I want to check if the real_parent field of the task_struct structure is
NULL or not. More info below.

> It's similar to giving directions to where I used to live on Long Island. If
> you were coming from the Boston area, you wanted to take I-95 South, then
> either the Throg's Neck or Whitestone Bridge, get to I-495 (Long Island
> Expressway),  get off at a given exit, take that road south, and turn left to
> enter the neighborhood from the north, but if you're coming from New Jersey,
> you want to get to Staten Island, Verazanno Narrows Bridge, then Southern State
> Parkway to *its* exit for that same road going north, but the right turn  to enter the
> neighborhood from the south isn't the same one as if you're coming from the
> north (unless you prefer driving another 3/4 of a mile to turn at the same light
> as if you were coming from the north...)
>
> You end up at the same place, even though you're using different paths to get
> there.  The inside of the kernel works the same way.  Which way you get to
> 'real_parent' depends on what data structure you are already working with.

First of all, thanks for your comments. :)

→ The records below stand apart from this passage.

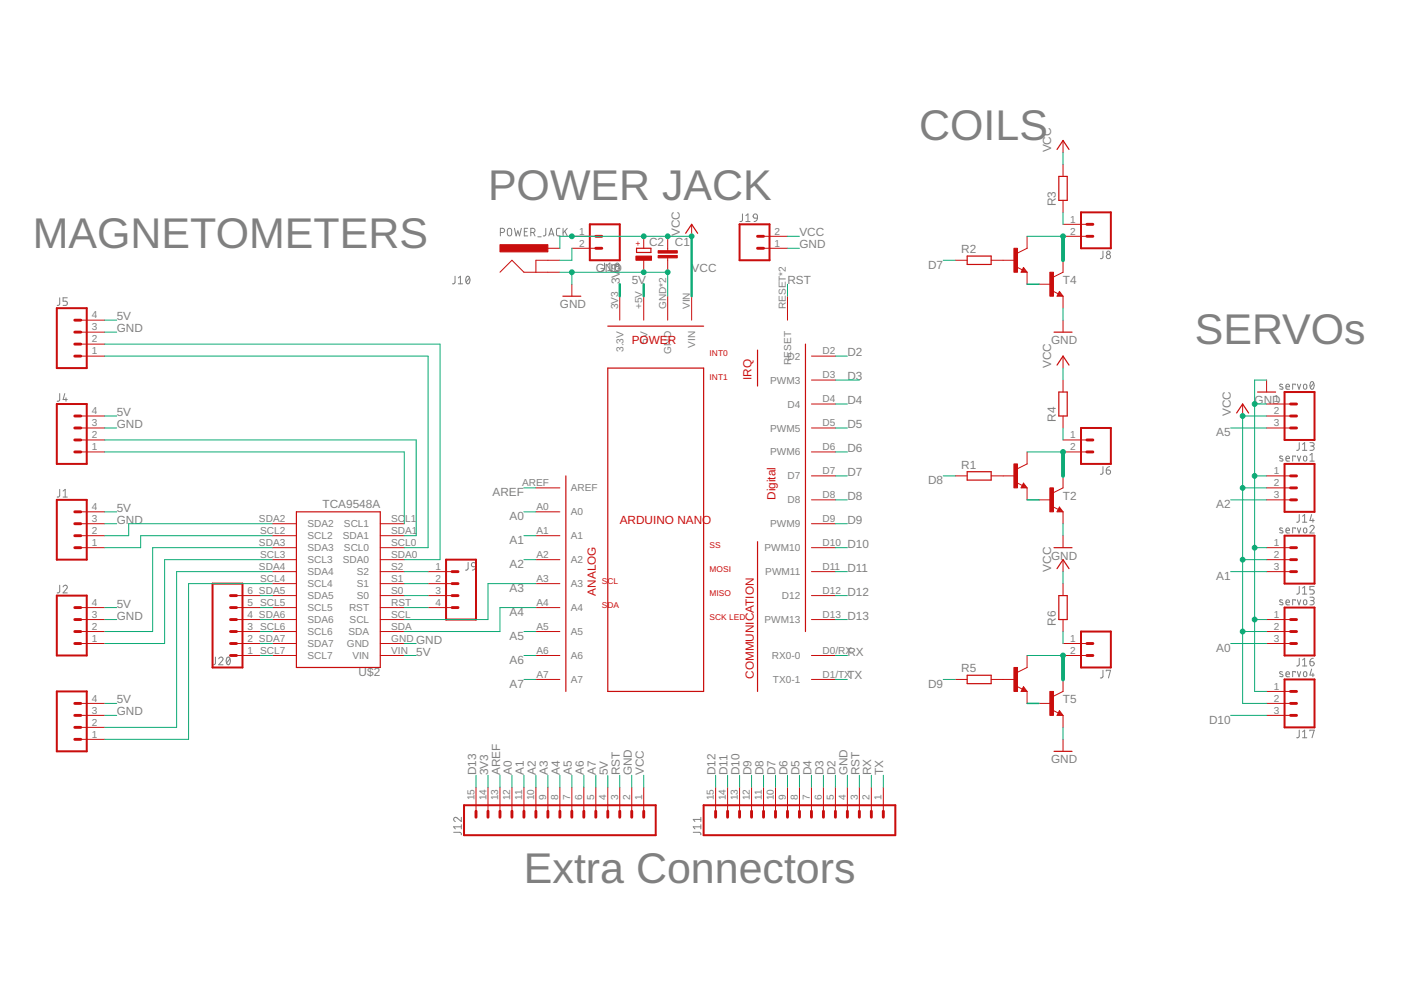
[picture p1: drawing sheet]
<svg xmlns="http://www.w3.org/2000/svg" width="297mm" height="210mm" viewBox="0 0 297 210" stroke-linecap="round" stroke-linejoin="round" font-family="sans-serif">
<g fill="none" stroke="#808080" stroke-width=".21">
<path d="M96.5 58.6l-.1 1.4-.5 .2M97.2 58.9l.4-.3v1.6M99 58.7l.2-.1a.93 .93 0 0 1 0 1.6 .98 .98 0 0 1-.2-1.5zM99.5 58.9l-.7 .9M106.1 49.3h.4a.44 .44 0 0 0 .5-.4 .44 .44 0 0 0-.5-.5h-.4v1.6M107.7 48.5l.3-.1 .4 .1 .1 1.1a.46 .46 0 0 1-.5 .4 .46 .46 0 0 1-.4-.4zM109.1 48.4l.3 1.6 .4-1.1 .4 1.1 .3-1.6M111.2 49.1h.5M111.9 48.4h-.7v1.6h.7M112.5 49.3h.5a.44 .44 0 0 0 .4-.4 .44 .44 0 0 0-.4-.5h-.5v1.6M113.1 49.3l.3 .7M114 50.2h.7"/>
<path d="M115.7 48.4v1.4l-.5 .2M116.4 50l.5-1.6 .5 1.6M116.5 49.6h.8M118.7 48.4h-.5l-.2 .4v1l.2 .2h.5M119.4 48.4v1.6M119.7 49l.6 1M120.3 48.4l-.9 1M128.2 55.8l-.1 1.4-.5 .2M128.9 57.4h.9M128.9 56.1l.4-.3v1.6M157.4 45.4v1.4l-.5 .2M158.1 47h.9"/>
<path d="M158.1 45.7l.5-.3v1.6M159.8 45.5l.3-.1 .4 .1 .1 .7-.8-.1-.1-.3zM160.6 46.2l-.1 .5-.6 .3M233.8 53.2v1.4l-.5 .2M12.7 63.1l-.1 1.4-.5 .2M14.3 63.1h-.9v.8h.5a.45 .45 0 0 1 .4 .4 .45 .45 0 0 1-.4 .4h-.5M97.2 60.2h.9M12.7 83.4l-.1 1.5-.5 .2M13.7 83.4l-.3 1.3h.9M14 84.3v.8M233.8 98.9v1.4l-.2 .2-.3 .1M234.5 99.7h.6a.45 .45 0 0 1 .4 .5 .45 .45 0 0 1-.5 .4 .45 .45 0 0 1-.5-.5z"/>
<path d="M235.3 98.9l-.5 .2-.3 .6M271.9 81.5l-.4-.1-.2 .3 .7 .5v.2l-.2 .1-.5-.1M271.9 96.8l-.5-.1-.1 .2 .7 .5v.2l-.2 .2-.5-.1M272.6 82h.8a.39 .39 0 0 0-.3-.5 .39 .39 0 0 0-.5 .3l.1 .6 .7 .1M272.6 97.2h.8a.38 .38 0 0 0-.3-.5 .38 .38 0 0 0-.5 .3l.1 .7 .7 .1M274.6 81.6v-.2h-.5v1.1M274.6 96.9v-.2h-.5v1.1M275.1 81.4l.3 1.1 .4-1.1M275.1 96.7l.3 1.1 .4-1.1M275.5 93.9l-.1 1.3-.2 .3h-.3M276.2 95.5h.9M276.2 94.2l.4-.3v1.6"/>
<path d="M276.5 81.6h.5l.1 .6a.36 .36 0 0 1-.4 .3 .36 .36 0 0 1-.3-.3zM276.5 96.8h.5l.1 .6a.36 .36 0 0 1-.4 .4 .36 .36 0 0 1-.3-.4zM277.7 93.9h.6a.36 .36 0 0 1 .3 .3 .36 .36 0 0 1-.3 .4h-.4M277.7 97.8h.9M277.7 96.5l.5-.4v1.7M277.9 81l.3-.1a.95 .95 0 0 1 0 1.6 1.04 1.04 0 0 1-.3-1.5zM278.2 94.6a.46 .46 0 0 1 .4 .4 .46 .46 0 0 1-.4 .5h-.5M278.5 81.3l-.7 .9M12.7 103.8l-.1 1.4-.2 .2h-.3M13.4 105.4h.9M13.4 104.1l.4-.3v1.6M99.3 119.3l-.1 1.3-.5 .3"/>
<path d="M100.1 119.4l.3-.1 .3 .1 .2 .8-.8-.1-.2-.4zM271.9 112h-.5l-.1 .2 .7 .4v.3l-.2 .1-.5-.1M272.6 112.5h.8a.38 .38 0 0 0-.3-.6 .38 .38 0 0 0-.5 .4l.1 .6 .7 .1M274.6 112.1v-.2h-.5v1.1M275.1 111.9l.3 1.1 .4-1.1M275.5 109.1l-.1 1.4-.2 .2h-.3M276.2 109.5l.4-.4v1.6M276.2 110.7h.9M276.5 112h.5l.1 .6a.36 .36 0 0 1-.4 .4 .36 .36 0 0 1-.3-.4zM277.7 111.7a.44 .44 0 0 1 .7-.3 .44 .44 0 0 1 .1 .7l-.8 .9h.9M278.1 109.1l-.4 1.3h.9M278.4 110v.7"/>
<path d="M12.7 124.1l-.1 1.4-.5 .2M13.4 124.4a.44 .44 0 0 1 .6-.3 .44 .44 0 0 1 .1 .7l-.7 .9h.9M45.7 139.3v1.4l-.6 .2M46.4 139.7a.45 .45 0 0 1 .6-.4 .45 .45 0 0 1 .2 .7l-.8 .9h.9M48.2 139.4l.2-.1a.97 .97 0 0 1 0 1.6 1.03 1.03 0 0 1-.2-1.5zM48.8 139.7l-.8 .9M100.9 120.2l-.3 .5-.5 .2M271.9 127.3l-.5-.1-.1 .2 .7 .5v.2l-.2 .1-.5-.1M272.6 127.7h.8a.38 .38 0 0 0-.3-.5 .38 .38 0 0 0-.5 .3l.1 .7h.7M274.6 127.3v-.1h-.5v1M275.1 127.2l.3 1 .4-1M275.5 124.3l-.1 1.4-.5 .3"/>
<path d="M275.5 139.6l-.1 1.4-.5 .2M276.2 124.7l.4-.4v1.7M276.2 139.9l.4-.3v1.6M276.2 126h.9M276.5 127.3h.5l.1 .6a.36 .36 0 0 1-.4 .3 .36 .36 0 0 1-.3-.3zM277.7 126.6h.6a.36 .36 0 0 1 .3 .4 .36 .36 0 0 1-.3 .3h-.4M278.2 127.3a.46 .46 0 0 1 .4 .5 .46 .46 0 0 1-.4 .4h-.5M278.4 139.6l-.4 .1-.3 .6M278.6 124.3h-.9v.8h.6a.46 .46 0 0 1 .3 .4 .46 .46 0 0 1-.3 .5h-.6M233.8 142.1v1.4l-.5 .2M234.5 142.3v-.2h1l-.5 1.6M271.9 142.5l-.4-.1-.2 .2 .7 .5v.3l-.2 .1-.5-.1"/>
<path d="M272.6 142.9h.8a.39 .39 0 0 0-.3-.5 .39 .39 0 0 0-.5 .3l.1 .7 .7 .1M274.6 142.6v-.2h-.5v1.1M275.1 142.4l.3 1.1 .4-1.1M275.5 154.8l-.1 1.4-.5 .2M276.2 155.2l.4-.4v1.6M276.2 141.2h.9M276.2 156.4h.9M276.5 142.5h.5l.1 .6a.36 .36 0 0 1-.4 .4 .36 .36 0 0 1-.3-.4zM277.7 140.3h.6a.45 .45 0 0 1 .3 .5 .45 .45 0 0 1-.4 .4 .45 .45 0 0 1-.5-.5zM277.7 155v-.2h.9l-.4 1.6M278.1 141.9l-.4 1.2h.9M278.4 142.7v.8"/>
<path d="M96.2 176.5h1.4l.2 .2v.3M97.8 173.3v.9l-.9-.8a.44 .44 0 0 0-.7 .2 .44 .44 0 0 0 .3 .6M97.8 175.3h-1.6l.3 .4M97.8 174.9v.8M147 176.5h1.4l.2 .5M148.6 173.3v.9M148.6 174.9v.8M148.6 175.3h-1.6l.3 .4M148.6 173.7h-1.6l.3 .5"/>
<circle cx="130.9" cy="56.1" r=".36"/>
<circle cx="130.9" cy="56.9" r=".46"/>
<circle cx="235" cy="54.4" r=".46"/>
<circle cx="235" cy="53.6" r=".37"/>
</g>
<g fill="none" stroke="#c90d0c" stroke-width=".42">
<path d="M125.1 47.6h6.3v7.6h-6.3zM156.8 47.6h6.4v7.6h-6.4zM229.2 45h6.3v7.6h-6.3zM12 65.3h6.4v12.7h-6.4zM12 85.7h6.4v12.7h-6.4zM229.2 90.7h6.3v7.7h-6.3zM272.4 98.4h6.3v10.1h-6.3zM272.4 83.1h6.3v10.2h-6.3zM12 106h6.4v12.7h-6.4zM94.6 118.7h6.3v12.7h-6.3zM272.4 113.6h6.3v10.1h-6.3zM12 126.3h6.4v12.7h-6.4z"/>
<path d="M45.1 123.7h6.3v17.8h-6.3zM229.2 133.9h6.3v7.6h-6.3zM272.4 128.8h6.3v10.2h-6.3zM12 146.6h6.4v12.7h-6.4zM272.4 144.1h6.3v10.1h-6.3zM98.4 170.7h40.6v6.4h-40.6zM149.2 170.7h40.6v6.4h-40.6z"/>
</g>
<g fill="none" stroke="#c90d0c" stroke-width=".61">
<path d="M126.3 50.1h1.3M126.3 52.6h1.3M160.6 50.1h1.3M160.6 52.6h1.3M230.4 50.1h1.3M230.4 47.6h1.3M15.9 70.4h1.2M15.9 73h1.2M15.9 75.5h1.2M15.9 67.9h1.2M15.9 90.7h1.2M15.9 93.3h1.2"/>
<path d="M15.9 95.8h1.2M15.9 88.2h1.2M230.4 93.3h1.3M230.4 95.8h1.3M273.6 90.7h1.3M273.6 88.2h1.3M273.6 85.7h1.3M15.9 111h1.2M15.9 113.6h1.2M15.9 116.1h1.2M15.9 108.5h1.2M273.6 116.1h1.3"/>
<path d="M273.6 106h1.3M273.6 103.4h1.3M273.6 100.9h1.3M273.6 118.7h1.3M15.9 131.4h1.2M15.9 133.9h1.2M15.9 136.4h1.2M15.9 128.8h1.2M48.9 131.4h1.2M48.9 133.9h1.2M48.9 136.4h1.2M48.9 128.8h1.2"/>
<path d="M48.9 139h1.2M48.9 126.3h1.2M95.8 128.8h1.3M95.8 121.2h1.3M95.8 126.3h1.3M95.8 123.7h1.3M230.4 136.4h1.3M230.4 139h1.3M273.6 131.4h1.3M273.6 133.9h1.3M273.6 136.4h1.3M273.6 121.2h1.3"/>
<path d="M15.9 151.7h1.2M15.9 154.2h1.2M15.9 156.8h1.2M15.9 149.1h1.2M273.6 151.7h1.3M273.6 149.1h1.3M273.6 146.6h1.3M100.9 172v1.3M103.5 172v1.3M106 172v1.3M108.5 172v1.3M111.1 172v1.3"/>
<path d="M113.6 172v1.3M116.2 172v1.3M118.7 172v1.3M121.2 172v1.3M123.8 172v1.3M126.3 172v1.3M128.9 172v1.3M131.4 172v1.3M133.9 172v1.3M136.5 172v1.3M151.7 172v1.3M154.3 172v1.3"/>
<path d="M156.8 172v1.3M159.3 172v1.3M161.9 172v1.3M164.4 172v1.3M167 172v1.3M169.5 172v1.3M172 172v1.3M174.6 172v1.3M177.1 172v1.3M179.7 172v1.3M182.2 172v1.3M184.7 172v1.3"/>
<path d="M187.3 172v1.3"/>
</g>
<g fill="none" stroke="#c90d0c" stroke-width=".21">
<path d="M225.4 29.8v2.5M225.4 34.9v2.5M106 57.7l2.5-2.5 2.6 2.5h7.6M116.2 52.6h2.5M118.7 55.2h-5.1v2.5M121.2 50.1h5.1M121.2 52.6h5.1M136.5 50.1v2.5M136.5 55.2v2.5M141.6 50.1v3M141.6 54.7v3M146.6 47.6v2.5"/>
<path d="M161.9 50.1h5.1M161.9 52.6h5.1M202.5 55.2h2.6M210.1 55.2h5.1M215.5 56.6l1.2 .6M217 56.7l.8 1h-1.3zM217.8 50.1v2.5l-2.1 1.1M217.8 57.7v2.6M225.4 47.6h5M225.4 50.1h5M225.4 42.5v2.5M225.4 55.2v2.5l-2 1"/>
<path d="M17.1 75.5h5.1M17.1 73h5.1M17.1 70.4h5.1M17.1 67.9h5.1M121.2 60.3v2.5M131.4 62.8v5.1M136.5 62.8v5.1M141.6 62.8v5.1M146.6 62.8v5.1M167 62.8v5.1M172 75.5h5.1M220.3 60.3h2.5"/>
<path d="M223.1 61.7l1.3 .6M224.6 61.8l.8 1h-1.3zM225.4 62.8v2.5M225.4 67.9v2.5M225.4 75.5v2.5M17.1 95.8h5.1M17.1 93.3h5.1M17.1 90.7h5.1M17.1 88.2h5.1M172 95.8h5.1M172 90.7h5.1M172 85.7h5.1"/>
<path d="M172 80.6h5.1M217.8 95.8v2.6l-2.1 1M225.4 95.8h5M225.4 93.3h5M225.4 80.6v2.5M225.4 88.2v2.5M263.5 85.7v2.5M268.5 90.7h5.1M268.5 88.2h5.1M268.5 85.7h5.1M268.5 80.6v2.5M17.1 116.1h5.1"/>
<path d="M17.1 113.6h5.1M17.1 111h5.1M17.1 108.5h5.1M57.8 116.1h5M57.8 113.6h5M57.8 111h5M57.8 118.7h5M80.6 116.1h5.1M80.6 113.6h5.1M80.6 111h5.1M80.6 118.7h5.1M113.6 113.6h5.1"/>
<path d="M113.6 108.5h5.1M113.6 103.4h5.1M113.6 118.7h5.1M172 116.1h5.1M172 111h5.1M172 106h5.1M172 100.9h5.1M202.5 100.9h2.6M210.1 100.9h5.1M215.5 102.3l1.2 .6M217 102.4l.8 1h-1.3zM217.8 103.4v2.6"/>
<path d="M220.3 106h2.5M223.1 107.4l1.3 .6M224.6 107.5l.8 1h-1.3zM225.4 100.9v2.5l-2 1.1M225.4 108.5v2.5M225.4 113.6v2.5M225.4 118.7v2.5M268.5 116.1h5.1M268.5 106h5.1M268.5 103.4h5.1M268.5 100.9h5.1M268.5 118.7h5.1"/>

Ok, I will show some parts of my code to clarify my question, and I will add
a small description of the idea behind.

Idea: The purpose of my LSM is to detect and mitigate a fork brute force
attack. To do so, I need a hierarchy of fork processes. In other words, there
is a pointer in the task_struct structure that points to an statistics data
structure. This pointer is copied to the child process when a process forks.
This way, all the tasks that fork with the same root share the same statistics.
These statistics allow to compute the application crashing period and detect
the attack.

So, all the tasks have an statistical data (copied from its parent). When an
execve is executed a new statistical data is allocated and a new hierarchy is
created.

But there is the case when the task 0 is allocated. In this case it's not
possible to copy the parent pointer to the statistical data. The task 0 don't
have parent. In this scenario a new statistics structure need to be allocated.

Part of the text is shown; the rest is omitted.